> _Problem_
Write out word for word each line of the records, beginning at the first and stopping after the line with "doc.layers.add(name, color=color, linetype=linetype)". Leave the pictures out.

> _Recorded information_
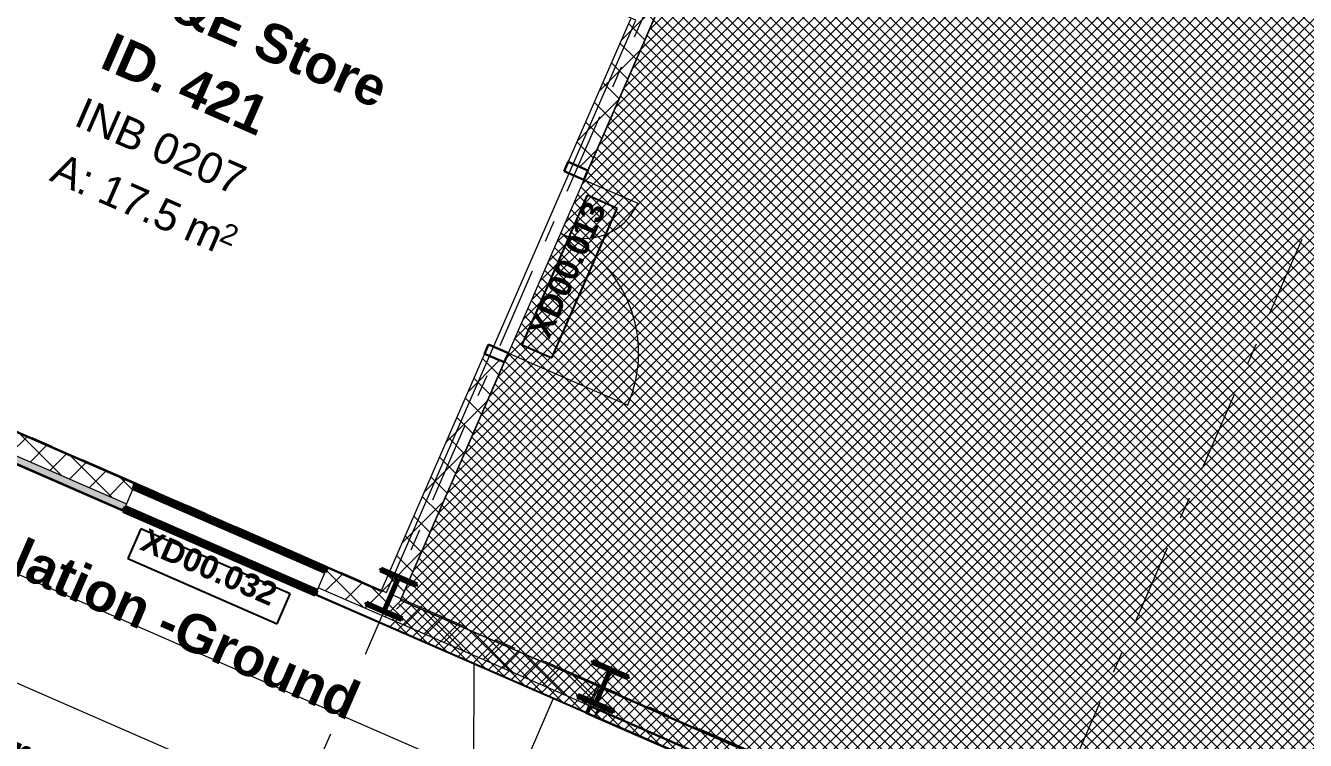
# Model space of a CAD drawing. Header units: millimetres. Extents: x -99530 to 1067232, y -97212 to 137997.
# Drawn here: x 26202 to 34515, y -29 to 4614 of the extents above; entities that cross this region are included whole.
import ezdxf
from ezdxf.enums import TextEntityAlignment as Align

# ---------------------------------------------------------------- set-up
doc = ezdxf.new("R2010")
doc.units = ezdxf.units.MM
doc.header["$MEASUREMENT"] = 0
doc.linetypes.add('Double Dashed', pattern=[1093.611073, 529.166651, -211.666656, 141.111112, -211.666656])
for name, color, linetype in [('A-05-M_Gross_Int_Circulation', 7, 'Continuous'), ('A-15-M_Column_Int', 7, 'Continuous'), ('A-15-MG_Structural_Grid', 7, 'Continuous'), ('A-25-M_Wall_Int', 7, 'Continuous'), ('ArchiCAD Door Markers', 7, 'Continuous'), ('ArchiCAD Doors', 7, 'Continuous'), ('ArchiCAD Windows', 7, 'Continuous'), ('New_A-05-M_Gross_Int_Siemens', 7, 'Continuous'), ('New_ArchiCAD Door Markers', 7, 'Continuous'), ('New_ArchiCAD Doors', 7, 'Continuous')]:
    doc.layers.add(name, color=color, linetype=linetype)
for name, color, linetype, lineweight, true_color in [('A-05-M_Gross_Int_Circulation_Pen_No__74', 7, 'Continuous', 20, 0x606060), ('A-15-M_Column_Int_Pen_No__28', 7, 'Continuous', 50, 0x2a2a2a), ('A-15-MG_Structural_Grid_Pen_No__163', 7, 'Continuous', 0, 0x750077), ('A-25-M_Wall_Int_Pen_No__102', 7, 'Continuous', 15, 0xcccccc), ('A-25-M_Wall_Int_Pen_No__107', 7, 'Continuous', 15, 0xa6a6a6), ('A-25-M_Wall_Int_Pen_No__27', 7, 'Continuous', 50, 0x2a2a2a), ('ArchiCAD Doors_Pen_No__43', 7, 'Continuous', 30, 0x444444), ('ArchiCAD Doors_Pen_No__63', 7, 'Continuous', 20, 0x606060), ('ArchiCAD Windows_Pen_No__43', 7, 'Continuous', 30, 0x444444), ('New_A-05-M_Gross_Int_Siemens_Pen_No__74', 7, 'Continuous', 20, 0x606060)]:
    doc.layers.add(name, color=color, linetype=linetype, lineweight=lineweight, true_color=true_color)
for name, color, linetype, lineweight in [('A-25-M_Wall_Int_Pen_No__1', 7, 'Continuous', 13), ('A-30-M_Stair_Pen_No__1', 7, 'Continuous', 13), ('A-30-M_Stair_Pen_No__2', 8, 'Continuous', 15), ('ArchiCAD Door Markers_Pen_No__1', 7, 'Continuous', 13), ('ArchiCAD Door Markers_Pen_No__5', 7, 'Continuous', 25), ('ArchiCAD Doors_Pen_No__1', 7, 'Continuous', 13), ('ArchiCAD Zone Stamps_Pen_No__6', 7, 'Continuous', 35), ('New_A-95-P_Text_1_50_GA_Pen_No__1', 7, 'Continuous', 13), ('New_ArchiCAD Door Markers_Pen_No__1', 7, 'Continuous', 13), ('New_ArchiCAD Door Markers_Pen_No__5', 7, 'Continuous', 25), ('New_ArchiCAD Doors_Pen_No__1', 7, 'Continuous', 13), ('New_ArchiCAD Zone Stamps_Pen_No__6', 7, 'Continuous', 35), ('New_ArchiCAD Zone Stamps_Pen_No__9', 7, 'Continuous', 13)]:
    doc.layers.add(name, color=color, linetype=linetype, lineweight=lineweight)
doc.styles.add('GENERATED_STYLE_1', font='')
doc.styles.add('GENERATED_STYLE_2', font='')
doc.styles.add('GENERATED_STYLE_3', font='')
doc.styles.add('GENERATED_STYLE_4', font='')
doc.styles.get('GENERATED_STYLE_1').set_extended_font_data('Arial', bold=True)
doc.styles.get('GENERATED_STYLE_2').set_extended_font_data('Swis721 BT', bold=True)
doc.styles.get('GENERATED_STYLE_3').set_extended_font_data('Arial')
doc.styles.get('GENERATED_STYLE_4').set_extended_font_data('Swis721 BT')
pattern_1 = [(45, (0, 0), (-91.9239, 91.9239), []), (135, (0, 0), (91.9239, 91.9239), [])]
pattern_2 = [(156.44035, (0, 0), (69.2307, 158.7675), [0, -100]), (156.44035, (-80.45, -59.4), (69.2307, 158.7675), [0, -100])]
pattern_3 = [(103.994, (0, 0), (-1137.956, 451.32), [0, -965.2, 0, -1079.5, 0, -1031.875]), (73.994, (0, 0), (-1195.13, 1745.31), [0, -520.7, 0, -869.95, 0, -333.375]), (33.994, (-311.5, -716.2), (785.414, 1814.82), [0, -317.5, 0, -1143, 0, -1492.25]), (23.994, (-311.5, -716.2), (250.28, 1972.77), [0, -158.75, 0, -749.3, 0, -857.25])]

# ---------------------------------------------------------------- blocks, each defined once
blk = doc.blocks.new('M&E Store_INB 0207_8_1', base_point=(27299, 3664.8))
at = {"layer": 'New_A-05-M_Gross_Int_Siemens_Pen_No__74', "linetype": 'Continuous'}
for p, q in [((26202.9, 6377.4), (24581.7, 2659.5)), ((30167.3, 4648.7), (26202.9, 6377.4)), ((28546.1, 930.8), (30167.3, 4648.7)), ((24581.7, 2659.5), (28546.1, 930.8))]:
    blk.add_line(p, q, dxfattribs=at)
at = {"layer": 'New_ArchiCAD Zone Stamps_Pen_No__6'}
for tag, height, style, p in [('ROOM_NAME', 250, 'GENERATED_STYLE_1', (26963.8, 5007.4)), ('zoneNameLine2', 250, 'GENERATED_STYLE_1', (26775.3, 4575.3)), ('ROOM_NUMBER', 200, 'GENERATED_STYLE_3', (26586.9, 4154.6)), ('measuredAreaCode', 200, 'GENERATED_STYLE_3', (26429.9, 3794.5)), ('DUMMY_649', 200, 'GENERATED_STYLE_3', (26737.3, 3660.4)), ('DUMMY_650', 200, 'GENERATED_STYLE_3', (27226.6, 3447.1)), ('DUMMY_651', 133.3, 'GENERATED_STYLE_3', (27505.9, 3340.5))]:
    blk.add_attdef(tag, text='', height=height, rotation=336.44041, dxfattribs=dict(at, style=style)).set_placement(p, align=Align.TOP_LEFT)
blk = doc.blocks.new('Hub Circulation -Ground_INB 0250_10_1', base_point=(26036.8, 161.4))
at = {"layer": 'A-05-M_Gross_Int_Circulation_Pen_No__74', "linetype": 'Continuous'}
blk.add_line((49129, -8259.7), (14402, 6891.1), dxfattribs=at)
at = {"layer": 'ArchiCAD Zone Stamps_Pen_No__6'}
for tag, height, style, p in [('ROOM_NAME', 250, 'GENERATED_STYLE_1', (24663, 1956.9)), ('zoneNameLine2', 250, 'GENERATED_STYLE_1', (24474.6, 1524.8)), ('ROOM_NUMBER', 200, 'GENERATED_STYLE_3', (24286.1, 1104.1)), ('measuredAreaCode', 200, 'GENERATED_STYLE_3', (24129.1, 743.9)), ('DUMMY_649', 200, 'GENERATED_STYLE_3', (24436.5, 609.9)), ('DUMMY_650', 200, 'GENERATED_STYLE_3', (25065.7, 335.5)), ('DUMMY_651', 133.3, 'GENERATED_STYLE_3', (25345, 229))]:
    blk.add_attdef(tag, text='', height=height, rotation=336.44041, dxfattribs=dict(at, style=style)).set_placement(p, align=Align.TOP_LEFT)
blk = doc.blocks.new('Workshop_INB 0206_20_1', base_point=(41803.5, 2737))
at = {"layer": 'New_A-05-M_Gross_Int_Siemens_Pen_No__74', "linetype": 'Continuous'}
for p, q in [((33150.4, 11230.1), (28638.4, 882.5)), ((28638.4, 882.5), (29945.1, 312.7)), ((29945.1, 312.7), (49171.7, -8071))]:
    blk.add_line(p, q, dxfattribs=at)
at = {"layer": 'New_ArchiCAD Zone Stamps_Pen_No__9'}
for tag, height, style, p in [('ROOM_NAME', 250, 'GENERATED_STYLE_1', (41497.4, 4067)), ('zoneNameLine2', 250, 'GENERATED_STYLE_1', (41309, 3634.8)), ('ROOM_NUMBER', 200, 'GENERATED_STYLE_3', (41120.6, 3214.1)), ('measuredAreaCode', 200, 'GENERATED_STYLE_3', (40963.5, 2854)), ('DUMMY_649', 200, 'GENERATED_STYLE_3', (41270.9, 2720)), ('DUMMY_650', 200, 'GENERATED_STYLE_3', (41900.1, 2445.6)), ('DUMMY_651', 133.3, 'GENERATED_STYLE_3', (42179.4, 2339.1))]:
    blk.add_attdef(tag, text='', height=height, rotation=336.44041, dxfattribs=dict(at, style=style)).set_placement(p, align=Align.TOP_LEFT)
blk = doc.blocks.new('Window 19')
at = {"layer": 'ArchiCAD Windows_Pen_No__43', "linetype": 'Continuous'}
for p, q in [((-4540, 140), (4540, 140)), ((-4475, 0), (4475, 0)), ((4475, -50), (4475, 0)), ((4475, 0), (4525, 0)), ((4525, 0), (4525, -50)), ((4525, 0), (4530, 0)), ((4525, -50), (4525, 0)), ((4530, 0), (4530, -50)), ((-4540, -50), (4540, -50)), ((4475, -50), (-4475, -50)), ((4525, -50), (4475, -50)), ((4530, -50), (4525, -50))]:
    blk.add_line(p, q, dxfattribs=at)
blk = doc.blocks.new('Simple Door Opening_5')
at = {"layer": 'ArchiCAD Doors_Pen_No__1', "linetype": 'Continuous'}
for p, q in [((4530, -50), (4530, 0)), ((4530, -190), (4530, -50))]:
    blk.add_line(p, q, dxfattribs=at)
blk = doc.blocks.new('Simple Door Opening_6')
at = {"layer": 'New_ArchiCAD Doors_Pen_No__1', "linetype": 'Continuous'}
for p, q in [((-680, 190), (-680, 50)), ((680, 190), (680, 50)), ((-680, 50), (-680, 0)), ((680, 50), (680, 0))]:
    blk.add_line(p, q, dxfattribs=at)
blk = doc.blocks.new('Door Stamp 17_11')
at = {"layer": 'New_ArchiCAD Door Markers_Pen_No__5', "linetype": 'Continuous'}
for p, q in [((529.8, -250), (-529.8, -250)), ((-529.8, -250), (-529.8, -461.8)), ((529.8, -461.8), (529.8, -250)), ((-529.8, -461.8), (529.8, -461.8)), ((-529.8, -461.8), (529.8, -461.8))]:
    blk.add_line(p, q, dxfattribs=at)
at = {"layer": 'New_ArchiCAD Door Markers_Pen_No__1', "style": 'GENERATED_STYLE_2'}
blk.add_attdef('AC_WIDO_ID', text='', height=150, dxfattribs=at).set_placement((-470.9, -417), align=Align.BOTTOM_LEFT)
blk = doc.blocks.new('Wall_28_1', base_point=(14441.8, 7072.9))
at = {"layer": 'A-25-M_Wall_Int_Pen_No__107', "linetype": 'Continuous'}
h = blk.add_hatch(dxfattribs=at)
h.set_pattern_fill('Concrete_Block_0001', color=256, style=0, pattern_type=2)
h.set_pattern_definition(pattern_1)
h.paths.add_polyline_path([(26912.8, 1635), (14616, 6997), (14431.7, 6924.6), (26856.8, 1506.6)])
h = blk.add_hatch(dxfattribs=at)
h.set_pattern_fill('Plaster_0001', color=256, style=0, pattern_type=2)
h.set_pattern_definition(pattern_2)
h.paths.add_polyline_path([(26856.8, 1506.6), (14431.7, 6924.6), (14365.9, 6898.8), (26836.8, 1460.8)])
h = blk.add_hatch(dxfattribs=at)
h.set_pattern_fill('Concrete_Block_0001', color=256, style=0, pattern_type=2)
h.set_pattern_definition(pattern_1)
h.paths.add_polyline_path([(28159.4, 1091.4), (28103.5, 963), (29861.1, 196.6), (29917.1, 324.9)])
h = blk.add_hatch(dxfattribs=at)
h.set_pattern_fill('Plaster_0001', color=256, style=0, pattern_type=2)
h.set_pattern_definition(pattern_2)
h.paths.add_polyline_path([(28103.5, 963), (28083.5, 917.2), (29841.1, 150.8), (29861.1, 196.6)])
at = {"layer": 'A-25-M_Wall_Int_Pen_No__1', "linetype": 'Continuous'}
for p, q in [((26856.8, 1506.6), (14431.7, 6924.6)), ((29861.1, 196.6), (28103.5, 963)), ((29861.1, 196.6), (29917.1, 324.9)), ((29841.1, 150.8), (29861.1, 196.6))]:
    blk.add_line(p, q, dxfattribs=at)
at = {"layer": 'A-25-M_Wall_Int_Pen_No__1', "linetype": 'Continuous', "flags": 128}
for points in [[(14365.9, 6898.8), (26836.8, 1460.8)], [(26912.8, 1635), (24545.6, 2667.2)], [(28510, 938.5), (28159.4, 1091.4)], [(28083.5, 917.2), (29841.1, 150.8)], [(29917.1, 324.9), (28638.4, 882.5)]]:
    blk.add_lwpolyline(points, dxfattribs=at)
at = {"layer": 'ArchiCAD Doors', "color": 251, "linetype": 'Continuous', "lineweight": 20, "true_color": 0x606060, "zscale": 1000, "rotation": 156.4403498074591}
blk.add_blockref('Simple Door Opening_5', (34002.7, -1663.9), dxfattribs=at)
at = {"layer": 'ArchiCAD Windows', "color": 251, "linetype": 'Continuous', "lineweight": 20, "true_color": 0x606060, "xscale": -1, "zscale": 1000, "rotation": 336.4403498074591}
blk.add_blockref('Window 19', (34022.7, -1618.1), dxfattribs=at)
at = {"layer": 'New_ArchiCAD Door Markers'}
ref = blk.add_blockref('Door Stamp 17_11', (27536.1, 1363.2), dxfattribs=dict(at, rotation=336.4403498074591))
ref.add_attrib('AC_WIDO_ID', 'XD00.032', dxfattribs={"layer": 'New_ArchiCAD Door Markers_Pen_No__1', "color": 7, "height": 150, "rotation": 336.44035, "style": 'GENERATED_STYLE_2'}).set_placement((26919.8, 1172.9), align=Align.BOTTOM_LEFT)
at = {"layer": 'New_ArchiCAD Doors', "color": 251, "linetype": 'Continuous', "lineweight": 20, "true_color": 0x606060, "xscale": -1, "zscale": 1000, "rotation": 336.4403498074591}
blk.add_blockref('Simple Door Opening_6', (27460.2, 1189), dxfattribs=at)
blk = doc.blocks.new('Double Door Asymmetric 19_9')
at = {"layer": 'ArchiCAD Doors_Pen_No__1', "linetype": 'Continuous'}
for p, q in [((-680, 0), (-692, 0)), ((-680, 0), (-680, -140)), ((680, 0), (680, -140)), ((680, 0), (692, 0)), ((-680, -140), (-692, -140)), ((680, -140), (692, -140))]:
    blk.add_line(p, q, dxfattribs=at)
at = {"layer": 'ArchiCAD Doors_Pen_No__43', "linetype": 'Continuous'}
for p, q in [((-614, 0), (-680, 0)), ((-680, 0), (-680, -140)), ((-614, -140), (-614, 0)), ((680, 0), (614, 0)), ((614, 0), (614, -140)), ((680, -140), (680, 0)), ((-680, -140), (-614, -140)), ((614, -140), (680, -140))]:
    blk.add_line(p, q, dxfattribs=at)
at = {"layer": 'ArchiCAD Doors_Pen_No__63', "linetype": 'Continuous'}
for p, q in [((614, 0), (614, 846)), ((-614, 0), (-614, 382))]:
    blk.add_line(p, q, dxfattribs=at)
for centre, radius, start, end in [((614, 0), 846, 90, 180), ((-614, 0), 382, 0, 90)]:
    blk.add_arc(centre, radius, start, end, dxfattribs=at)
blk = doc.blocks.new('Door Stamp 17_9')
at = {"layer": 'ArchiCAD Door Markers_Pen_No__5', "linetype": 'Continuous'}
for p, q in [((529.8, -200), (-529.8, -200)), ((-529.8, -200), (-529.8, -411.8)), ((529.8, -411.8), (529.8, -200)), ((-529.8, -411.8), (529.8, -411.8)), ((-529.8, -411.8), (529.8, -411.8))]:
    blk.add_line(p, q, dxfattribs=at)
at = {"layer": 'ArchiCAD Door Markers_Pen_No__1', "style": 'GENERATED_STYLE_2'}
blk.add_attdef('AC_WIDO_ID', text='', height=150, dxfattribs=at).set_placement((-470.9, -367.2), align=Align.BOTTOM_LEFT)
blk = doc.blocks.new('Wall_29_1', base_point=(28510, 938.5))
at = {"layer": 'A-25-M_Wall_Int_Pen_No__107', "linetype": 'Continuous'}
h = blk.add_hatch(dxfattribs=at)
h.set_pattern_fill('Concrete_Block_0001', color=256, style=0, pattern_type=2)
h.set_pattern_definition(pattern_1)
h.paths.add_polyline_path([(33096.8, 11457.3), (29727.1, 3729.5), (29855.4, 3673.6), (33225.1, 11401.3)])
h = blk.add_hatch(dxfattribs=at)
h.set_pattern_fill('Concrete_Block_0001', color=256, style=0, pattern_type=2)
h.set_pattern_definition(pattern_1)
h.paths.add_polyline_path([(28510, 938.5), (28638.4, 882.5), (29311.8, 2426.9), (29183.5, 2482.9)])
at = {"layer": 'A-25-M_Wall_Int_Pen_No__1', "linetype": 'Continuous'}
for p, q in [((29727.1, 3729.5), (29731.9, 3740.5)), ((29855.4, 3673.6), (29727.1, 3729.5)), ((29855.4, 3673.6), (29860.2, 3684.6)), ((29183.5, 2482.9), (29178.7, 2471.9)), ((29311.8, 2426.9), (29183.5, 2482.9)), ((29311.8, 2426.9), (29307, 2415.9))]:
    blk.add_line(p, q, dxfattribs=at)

> _Task solution_
# Model space of a CAD drawing. Header units: millimetres. Extents: x -99530 to 1067232, y -97212 to 137997.
# Drawn here: x 26202 to 34515, y -29 to 4614 of the extents above; entities that cross this region are included whole.
import ezdxf
from ezdxf.enums import TextEntityAlignment as Align

# ---------------------------------------------------------------- set-up
doc = ezdxf.new("R2010")
doc.units = ezdxf.units.MM
doc.header["$MEASUREMENT"] = 0
doc.linetypes.add('Double Dashed', pattern=[1093.611073, 529.166651, -211.666656, 141.111112, -211.666656])
for name, color, linetype in [('A-05-M_Gross_Int_Circulation', 7, 'Continuous'), ('A-15-M_Column_Int', 7, 'Continuous'), ('A-15-MG_Structural_Grid', 7, 'Continuous'), ('A-25-M_Wall_Int', 7, 'Continuous'), ('ArchiCAD Door Markers', 7, 'Continuous'), ('ArchiCAD Doors', 7, 'Continuous'), ('ArchiCAD Windows', 7, 'Continuous'), ('New_A-05-M_Gross_Int_Siemens', 7, 'Continuous'), ('New_ArchiCAD Door Markers', 7, 'Continuous'), ('New_ArchiCAD Doors', 7, 'Continuous')]:
    doc.layers.add(name, color=color, linetype=linetype)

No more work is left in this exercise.